[Stored data]
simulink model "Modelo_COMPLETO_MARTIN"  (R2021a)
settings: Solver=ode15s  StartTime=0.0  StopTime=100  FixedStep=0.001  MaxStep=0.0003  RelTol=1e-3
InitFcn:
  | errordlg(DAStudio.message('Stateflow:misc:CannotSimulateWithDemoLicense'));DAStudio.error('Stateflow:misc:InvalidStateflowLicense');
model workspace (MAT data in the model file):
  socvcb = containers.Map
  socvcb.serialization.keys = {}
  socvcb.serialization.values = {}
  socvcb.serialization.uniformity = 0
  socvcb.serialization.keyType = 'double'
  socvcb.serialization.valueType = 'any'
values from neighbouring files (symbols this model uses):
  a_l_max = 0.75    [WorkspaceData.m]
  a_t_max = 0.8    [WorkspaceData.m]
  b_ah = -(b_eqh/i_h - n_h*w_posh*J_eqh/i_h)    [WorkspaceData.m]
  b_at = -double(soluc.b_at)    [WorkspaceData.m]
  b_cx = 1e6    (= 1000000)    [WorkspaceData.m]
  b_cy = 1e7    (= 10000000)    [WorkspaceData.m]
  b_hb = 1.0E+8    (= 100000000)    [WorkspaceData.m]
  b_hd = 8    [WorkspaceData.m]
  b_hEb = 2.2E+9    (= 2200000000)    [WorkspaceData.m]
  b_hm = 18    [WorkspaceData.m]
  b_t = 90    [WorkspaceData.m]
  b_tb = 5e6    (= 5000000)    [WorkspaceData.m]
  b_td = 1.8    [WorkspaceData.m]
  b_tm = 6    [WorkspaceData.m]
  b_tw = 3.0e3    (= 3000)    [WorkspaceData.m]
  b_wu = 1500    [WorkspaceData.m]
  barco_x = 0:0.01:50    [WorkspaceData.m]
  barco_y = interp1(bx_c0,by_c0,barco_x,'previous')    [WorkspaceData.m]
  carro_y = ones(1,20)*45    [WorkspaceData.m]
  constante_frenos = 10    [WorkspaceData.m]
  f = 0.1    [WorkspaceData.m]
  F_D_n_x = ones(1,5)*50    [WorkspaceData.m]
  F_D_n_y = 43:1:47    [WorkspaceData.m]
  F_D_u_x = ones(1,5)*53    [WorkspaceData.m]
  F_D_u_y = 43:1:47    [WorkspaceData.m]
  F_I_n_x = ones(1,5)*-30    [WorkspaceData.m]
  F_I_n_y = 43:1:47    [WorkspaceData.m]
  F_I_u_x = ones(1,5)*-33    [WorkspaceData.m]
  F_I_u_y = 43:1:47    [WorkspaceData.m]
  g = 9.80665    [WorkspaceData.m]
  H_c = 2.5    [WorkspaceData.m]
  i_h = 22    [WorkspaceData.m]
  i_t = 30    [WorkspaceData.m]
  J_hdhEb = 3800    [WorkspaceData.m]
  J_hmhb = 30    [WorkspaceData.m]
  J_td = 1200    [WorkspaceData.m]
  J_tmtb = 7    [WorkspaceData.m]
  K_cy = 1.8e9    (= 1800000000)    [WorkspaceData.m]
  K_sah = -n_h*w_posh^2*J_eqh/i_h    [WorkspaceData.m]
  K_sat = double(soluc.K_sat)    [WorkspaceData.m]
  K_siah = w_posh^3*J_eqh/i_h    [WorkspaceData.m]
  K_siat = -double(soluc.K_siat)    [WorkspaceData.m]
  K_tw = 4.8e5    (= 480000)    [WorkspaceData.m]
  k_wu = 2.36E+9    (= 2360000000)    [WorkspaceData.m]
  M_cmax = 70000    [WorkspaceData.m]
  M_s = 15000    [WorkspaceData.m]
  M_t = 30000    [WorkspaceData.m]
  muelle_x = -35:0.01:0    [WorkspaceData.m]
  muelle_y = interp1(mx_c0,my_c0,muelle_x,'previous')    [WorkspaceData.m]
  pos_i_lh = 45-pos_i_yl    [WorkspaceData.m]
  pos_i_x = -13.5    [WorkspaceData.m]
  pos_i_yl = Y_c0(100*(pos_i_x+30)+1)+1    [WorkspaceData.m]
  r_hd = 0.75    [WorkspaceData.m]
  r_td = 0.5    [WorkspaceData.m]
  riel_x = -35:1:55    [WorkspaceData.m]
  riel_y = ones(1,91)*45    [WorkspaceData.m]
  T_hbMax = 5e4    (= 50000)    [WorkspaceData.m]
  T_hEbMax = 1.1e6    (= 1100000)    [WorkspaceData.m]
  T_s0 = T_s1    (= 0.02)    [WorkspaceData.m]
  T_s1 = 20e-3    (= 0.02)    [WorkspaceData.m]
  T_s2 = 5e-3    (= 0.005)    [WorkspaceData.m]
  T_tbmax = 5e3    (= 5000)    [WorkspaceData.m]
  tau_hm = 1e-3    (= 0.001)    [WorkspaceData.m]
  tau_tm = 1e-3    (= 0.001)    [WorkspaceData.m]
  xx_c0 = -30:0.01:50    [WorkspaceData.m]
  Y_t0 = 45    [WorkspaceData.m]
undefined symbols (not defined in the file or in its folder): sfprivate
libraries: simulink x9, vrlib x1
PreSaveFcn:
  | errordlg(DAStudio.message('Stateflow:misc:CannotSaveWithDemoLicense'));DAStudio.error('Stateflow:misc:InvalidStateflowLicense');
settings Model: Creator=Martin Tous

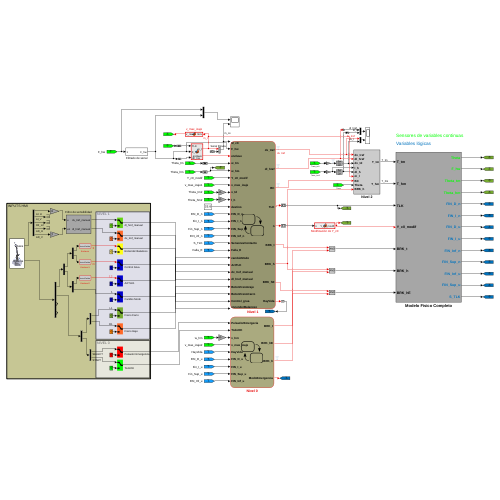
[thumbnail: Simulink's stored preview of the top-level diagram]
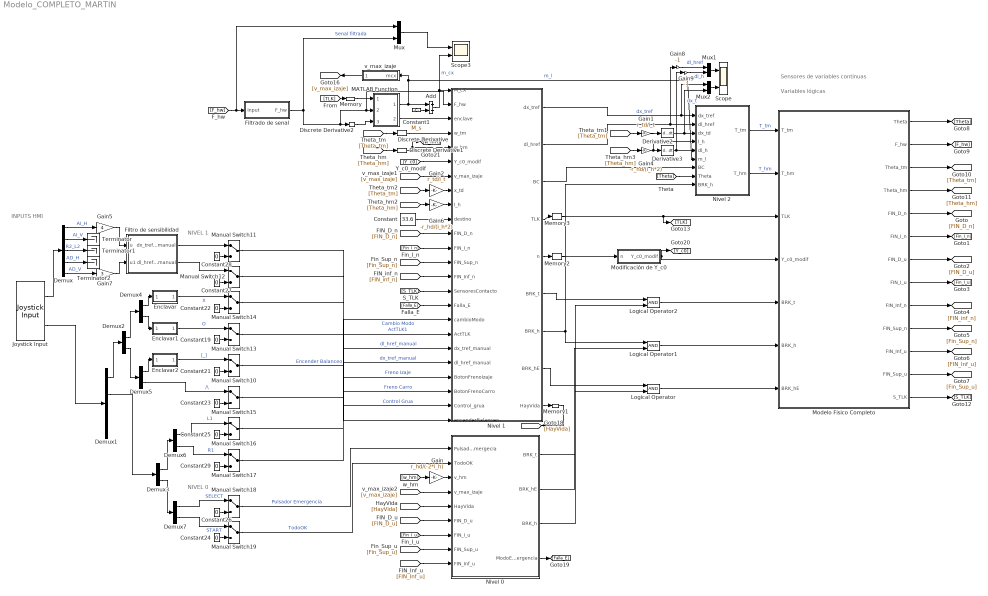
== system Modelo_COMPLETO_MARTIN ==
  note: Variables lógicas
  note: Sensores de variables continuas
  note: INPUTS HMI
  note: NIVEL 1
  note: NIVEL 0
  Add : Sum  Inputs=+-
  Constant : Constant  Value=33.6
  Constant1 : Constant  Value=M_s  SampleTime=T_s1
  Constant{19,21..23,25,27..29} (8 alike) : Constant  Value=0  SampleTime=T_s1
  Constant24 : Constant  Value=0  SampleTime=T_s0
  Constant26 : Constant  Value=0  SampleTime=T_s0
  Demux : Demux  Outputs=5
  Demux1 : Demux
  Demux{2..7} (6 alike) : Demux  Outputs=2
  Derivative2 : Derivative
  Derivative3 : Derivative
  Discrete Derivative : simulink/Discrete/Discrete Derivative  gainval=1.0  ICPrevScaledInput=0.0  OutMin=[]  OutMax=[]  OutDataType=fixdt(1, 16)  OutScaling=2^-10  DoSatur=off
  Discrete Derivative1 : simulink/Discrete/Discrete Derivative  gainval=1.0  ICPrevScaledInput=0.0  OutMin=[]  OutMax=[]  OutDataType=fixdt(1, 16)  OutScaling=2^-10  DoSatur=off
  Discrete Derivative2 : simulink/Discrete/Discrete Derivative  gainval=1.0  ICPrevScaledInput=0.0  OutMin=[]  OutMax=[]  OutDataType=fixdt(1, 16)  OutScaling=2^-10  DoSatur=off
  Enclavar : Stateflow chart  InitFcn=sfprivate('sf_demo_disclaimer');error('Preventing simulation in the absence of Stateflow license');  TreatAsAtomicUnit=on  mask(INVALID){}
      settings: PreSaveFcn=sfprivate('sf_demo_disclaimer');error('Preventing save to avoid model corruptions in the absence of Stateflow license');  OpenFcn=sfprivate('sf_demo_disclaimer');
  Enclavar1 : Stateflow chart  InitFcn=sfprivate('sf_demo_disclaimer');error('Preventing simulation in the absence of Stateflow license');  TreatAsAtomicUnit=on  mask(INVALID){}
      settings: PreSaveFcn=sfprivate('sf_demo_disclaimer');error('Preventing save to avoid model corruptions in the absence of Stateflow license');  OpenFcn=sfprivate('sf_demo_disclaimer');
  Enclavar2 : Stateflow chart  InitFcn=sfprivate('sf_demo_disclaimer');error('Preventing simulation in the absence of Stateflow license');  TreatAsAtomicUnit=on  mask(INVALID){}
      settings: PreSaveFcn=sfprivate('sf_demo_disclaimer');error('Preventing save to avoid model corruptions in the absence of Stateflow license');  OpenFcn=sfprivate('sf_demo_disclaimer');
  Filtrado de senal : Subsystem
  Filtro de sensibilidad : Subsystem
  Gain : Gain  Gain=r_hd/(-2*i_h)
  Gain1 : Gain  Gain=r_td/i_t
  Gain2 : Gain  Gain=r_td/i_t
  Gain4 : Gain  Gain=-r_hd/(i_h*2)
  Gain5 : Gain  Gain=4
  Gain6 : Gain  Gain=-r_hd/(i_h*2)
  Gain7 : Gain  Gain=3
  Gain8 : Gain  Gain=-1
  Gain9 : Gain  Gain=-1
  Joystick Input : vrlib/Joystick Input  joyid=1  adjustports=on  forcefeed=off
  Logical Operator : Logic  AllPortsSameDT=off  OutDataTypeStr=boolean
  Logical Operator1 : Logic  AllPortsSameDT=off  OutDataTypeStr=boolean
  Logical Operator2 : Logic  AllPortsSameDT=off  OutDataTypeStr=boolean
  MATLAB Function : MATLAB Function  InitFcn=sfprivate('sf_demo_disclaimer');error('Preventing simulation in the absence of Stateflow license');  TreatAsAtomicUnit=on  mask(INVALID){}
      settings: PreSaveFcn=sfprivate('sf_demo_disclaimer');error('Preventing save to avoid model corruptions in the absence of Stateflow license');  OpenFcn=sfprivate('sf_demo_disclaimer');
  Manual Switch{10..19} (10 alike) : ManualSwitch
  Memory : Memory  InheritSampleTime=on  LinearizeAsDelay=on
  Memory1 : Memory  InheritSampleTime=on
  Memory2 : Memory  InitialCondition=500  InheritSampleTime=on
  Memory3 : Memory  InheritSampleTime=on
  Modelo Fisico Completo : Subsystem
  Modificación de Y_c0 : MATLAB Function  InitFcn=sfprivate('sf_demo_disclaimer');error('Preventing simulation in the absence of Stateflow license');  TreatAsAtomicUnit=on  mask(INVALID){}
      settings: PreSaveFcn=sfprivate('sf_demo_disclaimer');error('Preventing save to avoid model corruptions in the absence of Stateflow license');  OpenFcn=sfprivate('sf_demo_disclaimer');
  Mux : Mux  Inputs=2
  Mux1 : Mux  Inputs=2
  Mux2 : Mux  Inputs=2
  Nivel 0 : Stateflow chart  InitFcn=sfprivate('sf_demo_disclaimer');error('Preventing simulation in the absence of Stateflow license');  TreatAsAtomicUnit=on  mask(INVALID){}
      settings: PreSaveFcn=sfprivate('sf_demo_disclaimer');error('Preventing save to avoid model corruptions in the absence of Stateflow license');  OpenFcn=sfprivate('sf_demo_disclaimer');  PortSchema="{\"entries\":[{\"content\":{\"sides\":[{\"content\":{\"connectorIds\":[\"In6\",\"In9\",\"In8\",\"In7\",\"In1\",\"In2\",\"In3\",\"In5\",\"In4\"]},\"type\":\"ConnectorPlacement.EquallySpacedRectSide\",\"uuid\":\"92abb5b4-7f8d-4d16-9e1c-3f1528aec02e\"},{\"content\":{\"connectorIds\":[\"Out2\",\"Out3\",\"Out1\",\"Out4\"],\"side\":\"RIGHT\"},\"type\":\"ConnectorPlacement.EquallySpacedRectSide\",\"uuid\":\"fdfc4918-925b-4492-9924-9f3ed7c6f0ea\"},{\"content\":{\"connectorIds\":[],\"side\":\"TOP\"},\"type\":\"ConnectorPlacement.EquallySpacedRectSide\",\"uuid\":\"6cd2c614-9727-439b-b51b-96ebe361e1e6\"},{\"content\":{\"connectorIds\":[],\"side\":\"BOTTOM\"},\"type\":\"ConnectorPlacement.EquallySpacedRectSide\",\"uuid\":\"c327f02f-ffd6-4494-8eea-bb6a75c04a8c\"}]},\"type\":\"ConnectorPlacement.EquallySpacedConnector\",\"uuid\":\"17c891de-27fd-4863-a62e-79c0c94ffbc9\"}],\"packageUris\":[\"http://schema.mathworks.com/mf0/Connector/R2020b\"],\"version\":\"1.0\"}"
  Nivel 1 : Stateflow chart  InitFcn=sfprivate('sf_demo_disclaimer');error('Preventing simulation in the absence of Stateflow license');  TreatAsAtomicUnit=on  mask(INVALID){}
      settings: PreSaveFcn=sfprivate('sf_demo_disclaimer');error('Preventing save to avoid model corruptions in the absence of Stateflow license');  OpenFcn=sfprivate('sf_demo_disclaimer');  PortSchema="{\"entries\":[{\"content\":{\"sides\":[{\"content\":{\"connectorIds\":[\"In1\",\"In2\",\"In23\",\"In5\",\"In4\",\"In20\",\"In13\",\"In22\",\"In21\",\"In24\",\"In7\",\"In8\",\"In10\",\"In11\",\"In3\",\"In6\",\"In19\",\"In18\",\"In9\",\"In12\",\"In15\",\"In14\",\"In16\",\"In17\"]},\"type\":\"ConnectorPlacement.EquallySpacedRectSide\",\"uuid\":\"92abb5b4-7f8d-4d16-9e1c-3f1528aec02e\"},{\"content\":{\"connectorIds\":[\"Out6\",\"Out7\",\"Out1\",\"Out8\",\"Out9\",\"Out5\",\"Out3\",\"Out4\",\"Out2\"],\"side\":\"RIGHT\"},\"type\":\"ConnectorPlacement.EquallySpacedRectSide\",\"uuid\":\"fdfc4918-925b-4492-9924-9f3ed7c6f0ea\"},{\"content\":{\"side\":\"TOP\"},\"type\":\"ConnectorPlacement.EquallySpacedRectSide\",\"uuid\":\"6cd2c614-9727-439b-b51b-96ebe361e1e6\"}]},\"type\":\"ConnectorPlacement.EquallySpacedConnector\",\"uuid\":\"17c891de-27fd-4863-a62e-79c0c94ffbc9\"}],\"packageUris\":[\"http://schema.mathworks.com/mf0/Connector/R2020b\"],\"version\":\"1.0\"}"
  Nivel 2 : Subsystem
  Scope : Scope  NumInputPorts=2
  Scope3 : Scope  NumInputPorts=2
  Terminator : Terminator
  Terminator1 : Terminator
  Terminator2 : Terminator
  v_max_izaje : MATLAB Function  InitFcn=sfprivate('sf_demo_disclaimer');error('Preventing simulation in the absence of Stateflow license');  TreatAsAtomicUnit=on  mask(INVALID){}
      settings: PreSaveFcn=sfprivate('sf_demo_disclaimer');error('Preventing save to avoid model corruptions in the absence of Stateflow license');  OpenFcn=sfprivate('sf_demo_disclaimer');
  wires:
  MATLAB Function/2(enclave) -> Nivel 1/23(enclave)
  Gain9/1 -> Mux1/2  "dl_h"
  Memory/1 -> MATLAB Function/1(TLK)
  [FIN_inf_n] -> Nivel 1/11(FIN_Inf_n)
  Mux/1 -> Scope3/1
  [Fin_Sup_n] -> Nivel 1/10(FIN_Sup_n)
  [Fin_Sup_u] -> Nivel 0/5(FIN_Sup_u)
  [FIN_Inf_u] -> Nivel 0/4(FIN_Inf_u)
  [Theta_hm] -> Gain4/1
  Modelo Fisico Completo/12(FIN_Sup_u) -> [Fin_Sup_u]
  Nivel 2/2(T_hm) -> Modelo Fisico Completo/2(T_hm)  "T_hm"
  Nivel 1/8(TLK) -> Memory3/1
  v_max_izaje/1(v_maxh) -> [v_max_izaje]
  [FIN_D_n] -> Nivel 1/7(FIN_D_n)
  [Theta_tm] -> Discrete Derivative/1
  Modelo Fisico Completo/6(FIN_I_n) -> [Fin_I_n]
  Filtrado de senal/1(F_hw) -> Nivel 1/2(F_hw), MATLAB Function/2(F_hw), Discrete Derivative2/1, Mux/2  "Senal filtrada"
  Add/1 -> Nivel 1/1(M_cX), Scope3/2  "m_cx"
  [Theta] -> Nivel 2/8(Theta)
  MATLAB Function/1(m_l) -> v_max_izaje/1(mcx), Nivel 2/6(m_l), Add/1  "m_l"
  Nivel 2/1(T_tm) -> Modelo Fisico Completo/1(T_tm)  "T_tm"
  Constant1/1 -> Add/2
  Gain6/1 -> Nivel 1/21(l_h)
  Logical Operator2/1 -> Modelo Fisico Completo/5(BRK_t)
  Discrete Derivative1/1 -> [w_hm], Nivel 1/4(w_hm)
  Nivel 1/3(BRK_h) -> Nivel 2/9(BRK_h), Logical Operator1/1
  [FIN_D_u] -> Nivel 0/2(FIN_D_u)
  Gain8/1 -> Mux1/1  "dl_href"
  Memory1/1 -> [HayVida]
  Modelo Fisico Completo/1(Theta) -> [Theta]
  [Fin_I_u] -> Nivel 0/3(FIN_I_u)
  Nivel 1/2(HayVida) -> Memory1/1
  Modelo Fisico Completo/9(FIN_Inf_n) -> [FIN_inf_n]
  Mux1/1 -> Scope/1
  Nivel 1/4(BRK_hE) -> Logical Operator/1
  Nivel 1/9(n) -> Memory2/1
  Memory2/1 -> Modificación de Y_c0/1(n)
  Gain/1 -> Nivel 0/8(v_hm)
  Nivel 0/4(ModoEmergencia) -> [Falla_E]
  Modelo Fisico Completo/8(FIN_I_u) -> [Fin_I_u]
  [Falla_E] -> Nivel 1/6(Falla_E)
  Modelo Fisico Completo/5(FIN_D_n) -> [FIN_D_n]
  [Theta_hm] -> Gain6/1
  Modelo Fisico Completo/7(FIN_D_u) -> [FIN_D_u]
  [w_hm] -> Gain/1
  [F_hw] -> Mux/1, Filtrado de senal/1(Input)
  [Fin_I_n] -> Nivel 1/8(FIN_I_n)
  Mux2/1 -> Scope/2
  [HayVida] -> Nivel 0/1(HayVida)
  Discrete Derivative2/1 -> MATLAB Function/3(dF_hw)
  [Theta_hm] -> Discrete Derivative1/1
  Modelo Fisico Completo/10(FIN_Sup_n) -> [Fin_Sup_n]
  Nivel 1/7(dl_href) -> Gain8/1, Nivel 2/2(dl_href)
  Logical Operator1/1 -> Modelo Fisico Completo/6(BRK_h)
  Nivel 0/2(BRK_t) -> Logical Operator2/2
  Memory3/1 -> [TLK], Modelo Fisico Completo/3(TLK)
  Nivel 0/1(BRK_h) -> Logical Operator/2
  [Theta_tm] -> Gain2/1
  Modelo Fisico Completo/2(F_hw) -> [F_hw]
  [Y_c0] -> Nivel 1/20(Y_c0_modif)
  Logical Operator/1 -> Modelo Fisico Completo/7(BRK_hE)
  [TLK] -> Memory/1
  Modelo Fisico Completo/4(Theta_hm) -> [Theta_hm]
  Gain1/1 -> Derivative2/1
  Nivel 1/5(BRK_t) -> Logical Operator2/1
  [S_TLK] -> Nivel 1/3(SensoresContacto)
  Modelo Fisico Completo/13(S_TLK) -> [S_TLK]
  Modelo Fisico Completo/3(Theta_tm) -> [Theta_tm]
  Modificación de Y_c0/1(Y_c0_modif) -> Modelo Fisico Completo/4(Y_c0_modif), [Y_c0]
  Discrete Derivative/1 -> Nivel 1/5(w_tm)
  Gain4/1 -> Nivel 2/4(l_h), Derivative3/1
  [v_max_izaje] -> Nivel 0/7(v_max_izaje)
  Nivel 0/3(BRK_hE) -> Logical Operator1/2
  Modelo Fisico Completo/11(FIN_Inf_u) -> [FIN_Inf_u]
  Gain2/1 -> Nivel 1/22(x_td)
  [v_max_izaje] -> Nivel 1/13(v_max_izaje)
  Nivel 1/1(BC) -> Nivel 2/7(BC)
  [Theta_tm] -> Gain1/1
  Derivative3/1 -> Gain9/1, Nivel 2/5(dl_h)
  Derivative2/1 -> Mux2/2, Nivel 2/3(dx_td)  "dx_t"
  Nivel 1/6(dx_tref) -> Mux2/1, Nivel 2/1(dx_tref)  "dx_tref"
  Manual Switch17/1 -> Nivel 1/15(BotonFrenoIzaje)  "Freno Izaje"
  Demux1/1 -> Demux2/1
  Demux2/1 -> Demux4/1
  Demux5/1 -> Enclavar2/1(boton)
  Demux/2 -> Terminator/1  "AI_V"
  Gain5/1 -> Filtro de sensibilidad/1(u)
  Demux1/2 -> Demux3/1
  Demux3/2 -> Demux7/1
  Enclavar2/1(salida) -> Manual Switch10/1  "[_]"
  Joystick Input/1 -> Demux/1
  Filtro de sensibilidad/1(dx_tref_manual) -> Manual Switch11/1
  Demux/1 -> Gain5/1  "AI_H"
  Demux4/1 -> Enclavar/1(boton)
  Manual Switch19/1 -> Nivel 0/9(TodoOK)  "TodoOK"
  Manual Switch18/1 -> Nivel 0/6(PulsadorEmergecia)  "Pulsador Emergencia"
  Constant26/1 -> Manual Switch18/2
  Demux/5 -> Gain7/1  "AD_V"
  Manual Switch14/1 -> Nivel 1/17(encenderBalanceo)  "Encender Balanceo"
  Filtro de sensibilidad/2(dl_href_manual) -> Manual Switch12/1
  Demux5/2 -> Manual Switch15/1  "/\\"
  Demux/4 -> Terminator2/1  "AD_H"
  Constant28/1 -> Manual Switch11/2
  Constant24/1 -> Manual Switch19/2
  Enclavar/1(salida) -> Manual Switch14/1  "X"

[Requirement] Your answer must consist solely of the lines from the top of the entries above through the line containing "socvcb.serialization.keyType = 'double'", copied exactly, both ends included.

[Result]
simulink model "Modelo_COMPLETO_MARTIN"  (R2021a)
settings: Solver=ode15s  StartTime=0.0  StopTime=100  FixedStep=0.001  MaxStep=0.0003  RelTol=1e-3
InitFcn:
  | errordlg(DAStudio.message('Stateflow:misc:CannotSimulateWithDemoLicense'));DAStudio.error('Stateflow:misc:InvalidStateflowLicense');
model workspace (MAT data in the model file):
  socvcb = containers.Map
  socvcb.serialization.keys = {}
  socvcb.serialization.values = {}
  socvcb.serialization.uniformity = 0
  socvcb.serialization.keyType = 'double'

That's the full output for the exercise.